Be first to read the latest tech news, Industry Leader's Insights, and CIO interviews of medium and large enterprises exclusively from CIO Advisor APAC
Each cloud machine learning platform includes capabilities for managing the entire machine learning lifecycle.
FREMONT, CA: The major cloud providers—and several smaller cloud providers have invested significant resources in developing their machine learning platforms to assist the entire machine learning lifecycle, from project planning to model maintenance. The following is a list of 12 capabilities that every end-to-end machine learning platform should include.
Keep data close at hand
If a user has the massive amounts of data necessary to construct precise models, he does not want to ship them halfway around the world. The issue here is not distance but time: Even on an ideal network with infinite bandwidth, data transmission speed is ultimately restricted by the speed of light. Extended distances imply latency. For extensive data sets, the perfect case is to build the model in the data location, avoiding the need for mass data transmission. Numerous databases support this to varying degrees. The second-best case scenario is that the data is on the same high-speed network as the model-building software, typically within the same data centre. Moving data within a cloud availability zone from one data centre can introduce significant delays if a user has terabytes (TB) or more. This can be mitigated by performing incremental updates.
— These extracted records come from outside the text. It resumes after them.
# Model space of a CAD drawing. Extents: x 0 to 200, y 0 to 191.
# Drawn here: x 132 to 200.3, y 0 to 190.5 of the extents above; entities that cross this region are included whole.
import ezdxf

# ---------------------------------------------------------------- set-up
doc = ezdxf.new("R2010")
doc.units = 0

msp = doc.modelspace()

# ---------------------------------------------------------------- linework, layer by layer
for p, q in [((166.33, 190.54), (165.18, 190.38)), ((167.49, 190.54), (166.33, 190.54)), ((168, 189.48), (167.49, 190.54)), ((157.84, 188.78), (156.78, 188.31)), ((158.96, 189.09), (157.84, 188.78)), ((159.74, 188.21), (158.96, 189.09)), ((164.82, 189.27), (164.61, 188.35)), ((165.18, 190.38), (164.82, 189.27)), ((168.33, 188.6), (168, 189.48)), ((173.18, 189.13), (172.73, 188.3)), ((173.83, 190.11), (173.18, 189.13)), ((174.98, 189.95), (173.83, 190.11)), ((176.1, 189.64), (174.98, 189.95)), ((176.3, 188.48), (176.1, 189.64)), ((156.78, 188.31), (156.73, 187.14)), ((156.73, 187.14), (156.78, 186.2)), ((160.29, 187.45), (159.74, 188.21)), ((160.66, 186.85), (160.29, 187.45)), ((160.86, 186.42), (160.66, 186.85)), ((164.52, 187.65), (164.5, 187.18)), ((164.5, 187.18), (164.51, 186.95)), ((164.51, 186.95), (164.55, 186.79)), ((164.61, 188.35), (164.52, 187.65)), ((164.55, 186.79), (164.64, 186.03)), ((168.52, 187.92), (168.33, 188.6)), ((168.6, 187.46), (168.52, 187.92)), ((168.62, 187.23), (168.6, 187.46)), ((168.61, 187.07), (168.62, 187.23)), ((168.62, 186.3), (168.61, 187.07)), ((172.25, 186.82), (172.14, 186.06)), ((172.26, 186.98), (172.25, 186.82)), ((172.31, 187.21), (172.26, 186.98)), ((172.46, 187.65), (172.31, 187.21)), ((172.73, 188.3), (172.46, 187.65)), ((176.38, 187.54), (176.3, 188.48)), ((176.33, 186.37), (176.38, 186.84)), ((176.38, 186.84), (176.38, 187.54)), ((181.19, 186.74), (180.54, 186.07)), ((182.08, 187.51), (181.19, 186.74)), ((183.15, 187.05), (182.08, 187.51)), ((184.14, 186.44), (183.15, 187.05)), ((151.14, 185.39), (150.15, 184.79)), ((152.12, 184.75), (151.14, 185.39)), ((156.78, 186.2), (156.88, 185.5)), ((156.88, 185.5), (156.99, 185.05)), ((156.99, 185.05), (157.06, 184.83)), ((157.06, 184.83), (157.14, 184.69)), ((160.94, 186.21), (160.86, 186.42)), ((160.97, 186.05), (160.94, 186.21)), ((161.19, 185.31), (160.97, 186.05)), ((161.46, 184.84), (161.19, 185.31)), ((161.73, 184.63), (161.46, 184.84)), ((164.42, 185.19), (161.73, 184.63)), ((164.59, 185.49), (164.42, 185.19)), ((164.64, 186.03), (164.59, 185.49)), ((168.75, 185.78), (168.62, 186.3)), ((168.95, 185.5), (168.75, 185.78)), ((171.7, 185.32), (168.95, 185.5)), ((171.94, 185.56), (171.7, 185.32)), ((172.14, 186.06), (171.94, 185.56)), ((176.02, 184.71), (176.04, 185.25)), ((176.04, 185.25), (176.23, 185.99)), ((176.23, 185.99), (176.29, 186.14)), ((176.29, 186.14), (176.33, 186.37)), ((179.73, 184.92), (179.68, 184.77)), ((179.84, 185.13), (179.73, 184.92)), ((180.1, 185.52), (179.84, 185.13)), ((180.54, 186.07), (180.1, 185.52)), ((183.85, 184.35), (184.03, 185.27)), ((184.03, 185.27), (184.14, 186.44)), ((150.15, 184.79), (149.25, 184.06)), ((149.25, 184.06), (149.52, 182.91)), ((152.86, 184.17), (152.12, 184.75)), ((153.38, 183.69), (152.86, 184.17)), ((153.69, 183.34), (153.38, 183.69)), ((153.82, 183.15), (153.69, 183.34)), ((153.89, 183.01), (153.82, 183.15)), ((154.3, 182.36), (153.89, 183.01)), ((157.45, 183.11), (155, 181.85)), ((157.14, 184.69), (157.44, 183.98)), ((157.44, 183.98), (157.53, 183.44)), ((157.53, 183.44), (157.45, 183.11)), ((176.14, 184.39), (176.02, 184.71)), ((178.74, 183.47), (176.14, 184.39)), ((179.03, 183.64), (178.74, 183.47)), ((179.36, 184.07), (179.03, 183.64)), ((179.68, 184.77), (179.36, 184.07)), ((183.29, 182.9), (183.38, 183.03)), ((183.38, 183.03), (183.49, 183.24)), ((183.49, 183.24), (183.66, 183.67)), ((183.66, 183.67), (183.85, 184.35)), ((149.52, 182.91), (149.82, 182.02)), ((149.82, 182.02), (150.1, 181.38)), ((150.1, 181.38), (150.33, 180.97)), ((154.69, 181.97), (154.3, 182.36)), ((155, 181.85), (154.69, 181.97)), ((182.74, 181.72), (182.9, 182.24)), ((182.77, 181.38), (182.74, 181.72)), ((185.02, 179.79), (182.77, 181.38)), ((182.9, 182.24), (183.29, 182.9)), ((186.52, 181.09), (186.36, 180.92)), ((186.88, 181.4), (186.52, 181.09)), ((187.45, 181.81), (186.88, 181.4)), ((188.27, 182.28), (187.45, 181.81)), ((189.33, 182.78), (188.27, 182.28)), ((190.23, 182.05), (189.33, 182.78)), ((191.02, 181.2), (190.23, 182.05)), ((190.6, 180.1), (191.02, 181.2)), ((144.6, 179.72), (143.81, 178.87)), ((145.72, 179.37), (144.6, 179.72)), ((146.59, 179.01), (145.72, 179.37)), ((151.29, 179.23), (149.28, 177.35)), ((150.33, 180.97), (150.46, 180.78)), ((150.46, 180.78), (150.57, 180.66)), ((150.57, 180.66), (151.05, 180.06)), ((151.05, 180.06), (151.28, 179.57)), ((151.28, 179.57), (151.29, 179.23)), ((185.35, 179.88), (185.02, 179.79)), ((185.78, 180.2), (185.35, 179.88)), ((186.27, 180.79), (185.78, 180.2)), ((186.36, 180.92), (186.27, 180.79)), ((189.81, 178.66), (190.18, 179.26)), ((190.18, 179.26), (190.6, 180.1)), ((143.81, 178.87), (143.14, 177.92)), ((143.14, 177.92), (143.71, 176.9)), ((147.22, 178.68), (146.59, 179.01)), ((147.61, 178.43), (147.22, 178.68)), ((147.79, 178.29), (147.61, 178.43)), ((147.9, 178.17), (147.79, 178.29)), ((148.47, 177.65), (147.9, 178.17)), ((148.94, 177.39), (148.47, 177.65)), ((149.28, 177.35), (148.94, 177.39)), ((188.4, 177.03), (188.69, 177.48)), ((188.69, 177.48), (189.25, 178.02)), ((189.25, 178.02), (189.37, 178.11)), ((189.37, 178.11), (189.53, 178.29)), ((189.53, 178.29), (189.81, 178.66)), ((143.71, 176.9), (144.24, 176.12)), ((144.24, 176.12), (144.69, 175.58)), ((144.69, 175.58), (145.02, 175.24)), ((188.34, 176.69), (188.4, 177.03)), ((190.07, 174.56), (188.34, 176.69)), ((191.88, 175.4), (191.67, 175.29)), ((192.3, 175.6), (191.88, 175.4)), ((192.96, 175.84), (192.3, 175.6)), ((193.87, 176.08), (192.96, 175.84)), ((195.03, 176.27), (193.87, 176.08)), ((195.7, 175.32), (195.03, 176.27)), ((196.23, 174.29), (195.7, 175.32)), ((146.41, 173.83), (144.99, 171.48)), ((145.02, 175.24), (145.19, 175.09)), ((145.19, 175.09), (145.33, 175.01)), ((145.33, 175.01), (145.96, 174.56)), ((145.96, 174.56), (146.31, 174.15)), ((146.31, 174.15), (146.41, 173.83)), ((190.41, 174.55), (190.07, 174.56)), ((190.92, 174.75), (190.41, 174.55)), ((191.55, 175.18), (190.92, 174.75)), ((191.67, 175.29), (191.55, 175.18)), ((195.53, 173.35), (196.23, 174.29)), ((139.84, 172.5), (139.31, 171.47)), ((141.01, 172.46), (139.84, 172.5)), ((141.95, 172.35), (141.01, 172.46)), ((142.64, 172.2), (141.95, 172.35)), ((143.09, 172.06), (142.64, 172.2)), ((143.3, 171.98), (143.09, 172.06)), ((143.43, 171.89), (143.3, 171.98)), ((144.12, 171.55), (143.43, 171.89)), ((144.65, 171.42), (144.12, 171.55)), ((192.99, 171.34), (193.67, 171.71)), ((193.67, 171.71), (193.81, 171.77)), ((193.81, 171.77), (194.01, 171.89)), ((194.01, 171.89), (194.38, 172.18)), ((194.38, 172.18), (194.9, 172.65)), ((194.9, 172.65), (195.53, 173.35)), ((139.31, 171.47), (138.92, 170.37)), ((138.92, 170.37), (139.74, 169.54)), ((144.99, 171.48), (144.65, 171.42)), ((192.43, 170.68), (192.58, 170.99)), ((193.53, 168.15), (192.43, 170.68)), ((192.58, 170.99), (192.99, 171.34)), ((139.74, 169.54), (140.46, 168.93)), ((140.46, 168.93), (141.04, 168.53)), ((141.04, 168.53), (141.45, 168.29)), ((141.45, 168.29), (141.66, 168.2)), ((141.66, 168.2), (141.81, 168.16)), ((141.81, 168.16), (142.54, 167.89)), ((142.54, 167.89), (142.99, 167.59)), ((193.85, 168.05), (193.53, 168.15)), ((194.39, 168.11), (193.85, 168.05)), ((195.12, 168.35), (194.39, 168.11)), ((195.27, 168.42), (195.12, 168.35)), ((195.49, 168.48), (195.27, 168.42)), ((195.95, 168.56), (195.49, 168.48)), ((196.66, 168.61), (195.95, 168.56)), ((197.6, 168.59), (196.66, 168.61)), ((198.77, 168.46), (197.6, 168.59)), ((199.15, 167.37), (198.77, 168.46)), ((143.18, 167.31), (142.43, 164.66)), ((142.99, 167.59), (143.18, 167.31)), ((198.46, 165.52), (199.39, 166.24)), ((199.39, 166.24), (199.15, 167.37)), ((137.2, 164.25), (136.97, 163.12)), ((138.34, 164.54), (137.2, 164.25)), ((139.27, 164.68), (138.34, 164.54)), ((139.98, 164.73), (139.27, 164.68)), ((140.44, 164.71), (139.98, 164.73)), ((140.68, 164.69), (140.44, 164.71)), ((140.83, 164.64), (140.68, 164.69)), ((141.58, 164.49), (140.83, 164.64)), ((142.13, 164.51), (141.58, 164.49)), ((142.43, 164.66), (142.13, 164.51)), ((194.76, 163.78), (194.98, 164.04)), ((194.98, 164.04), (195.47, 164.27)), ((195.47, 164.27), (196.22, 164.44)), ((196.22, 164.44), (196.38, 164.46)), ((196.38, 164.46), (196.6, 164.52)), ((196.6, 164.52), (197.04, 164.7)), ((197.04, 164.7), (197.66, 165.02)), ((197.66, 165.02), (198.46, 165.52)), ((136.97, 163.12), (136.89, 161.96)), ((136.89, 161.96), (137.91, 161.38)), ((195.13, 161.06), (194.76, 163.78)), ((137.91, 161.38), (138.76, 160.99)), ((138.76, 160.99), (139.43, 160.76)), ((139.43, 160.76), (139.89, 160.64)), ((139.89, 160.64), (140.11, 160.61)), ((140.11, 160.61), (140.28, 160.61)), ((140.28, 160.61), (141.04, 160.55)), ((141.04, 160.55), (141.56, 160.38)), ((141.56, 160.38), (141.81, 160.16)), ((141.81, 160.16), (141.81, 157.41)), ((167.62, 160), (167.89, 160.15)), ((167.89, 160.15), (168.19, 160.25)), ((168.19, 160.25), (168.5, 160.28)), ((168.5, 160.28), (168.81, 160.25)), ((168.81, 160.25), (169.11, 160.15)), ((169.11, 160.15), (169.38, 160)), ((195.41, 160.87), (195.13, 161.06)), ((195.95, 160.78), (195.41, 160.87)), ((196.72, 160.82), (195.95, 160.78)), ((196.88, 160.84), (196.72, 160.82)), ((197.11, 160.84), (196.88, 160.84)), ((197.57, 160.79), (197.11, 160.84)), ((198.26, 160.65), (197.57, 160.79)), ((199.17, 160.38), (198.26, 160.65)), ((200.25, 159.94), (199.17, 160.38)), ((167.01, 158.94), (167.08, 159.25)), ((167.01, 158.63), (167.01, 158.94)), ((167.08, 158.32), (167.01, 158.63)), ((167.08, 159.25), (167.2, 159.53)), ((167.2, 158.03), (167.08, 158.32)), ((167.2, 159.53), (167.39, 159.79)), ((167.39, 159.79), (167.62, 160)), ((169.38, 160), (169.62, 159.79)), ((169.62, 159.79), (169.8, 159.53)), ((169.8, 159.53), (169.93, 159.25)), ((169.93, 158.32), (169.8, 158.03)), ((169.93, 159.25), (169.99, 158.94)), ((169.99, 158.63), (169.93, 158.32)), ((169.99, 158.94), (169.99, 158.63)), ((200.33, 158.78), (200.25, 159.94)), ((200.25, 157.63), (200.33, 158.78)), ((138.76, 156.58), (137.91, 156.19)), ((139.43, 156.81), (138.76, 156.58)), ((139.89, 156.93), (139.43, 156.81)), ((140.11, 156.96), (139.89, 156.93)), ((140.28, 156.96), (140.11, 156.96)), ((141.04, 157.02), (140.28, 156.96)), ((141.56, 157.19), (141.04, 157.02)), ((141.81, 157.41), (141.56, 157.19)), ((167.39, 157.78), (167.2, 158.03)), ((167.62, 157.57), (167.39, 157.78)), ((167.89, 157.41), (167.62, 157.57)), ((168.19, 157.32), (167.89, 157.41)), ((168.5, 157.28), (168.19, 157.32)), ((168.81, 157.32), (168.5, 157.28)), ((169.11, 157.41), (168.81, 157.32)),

Assist in the development of an ETL or ELT pipeline
ETL (export, transform, and load) and ELT (export, load, and change) are two frequently used data pipeline configurations in the database world. Machine learning and deep learning exacerbate the requirement for these, particularly the transform component. ELT provides greater flexibility when changing user’s transformations, as the load phase is typically the most time-consuming phase for big data. By and large, data collected in the wild is noisy. This must be filtered.
Additionally, data collected in the wild has a range of values: A variable's maximum value could be in the millions, while another's range could be -0.1 to -0.001. To prevent variables with extensive coverage from dominating the model, variables must be transformed to standardised ranges before machine learning. Which standardised range is used depends on the model's algorithm.
Contribute to the development of an online environment for model building
Traditionally, the conventional wisdom was that a user should import his data to his desktop for model construction. However, the sheer volume of data required to build effective machine learning and deep learning models alters the landscape: While users can download a small sample of data to their desktop for exploratory data analysis and model building, they need full access to the data for production models.
Model building is well suited to web-based development environments. For example, if the user's data is stored in the same cloud as the notebook environment, he can conduct analysis directly on the data, avoiding time-consuming data movement.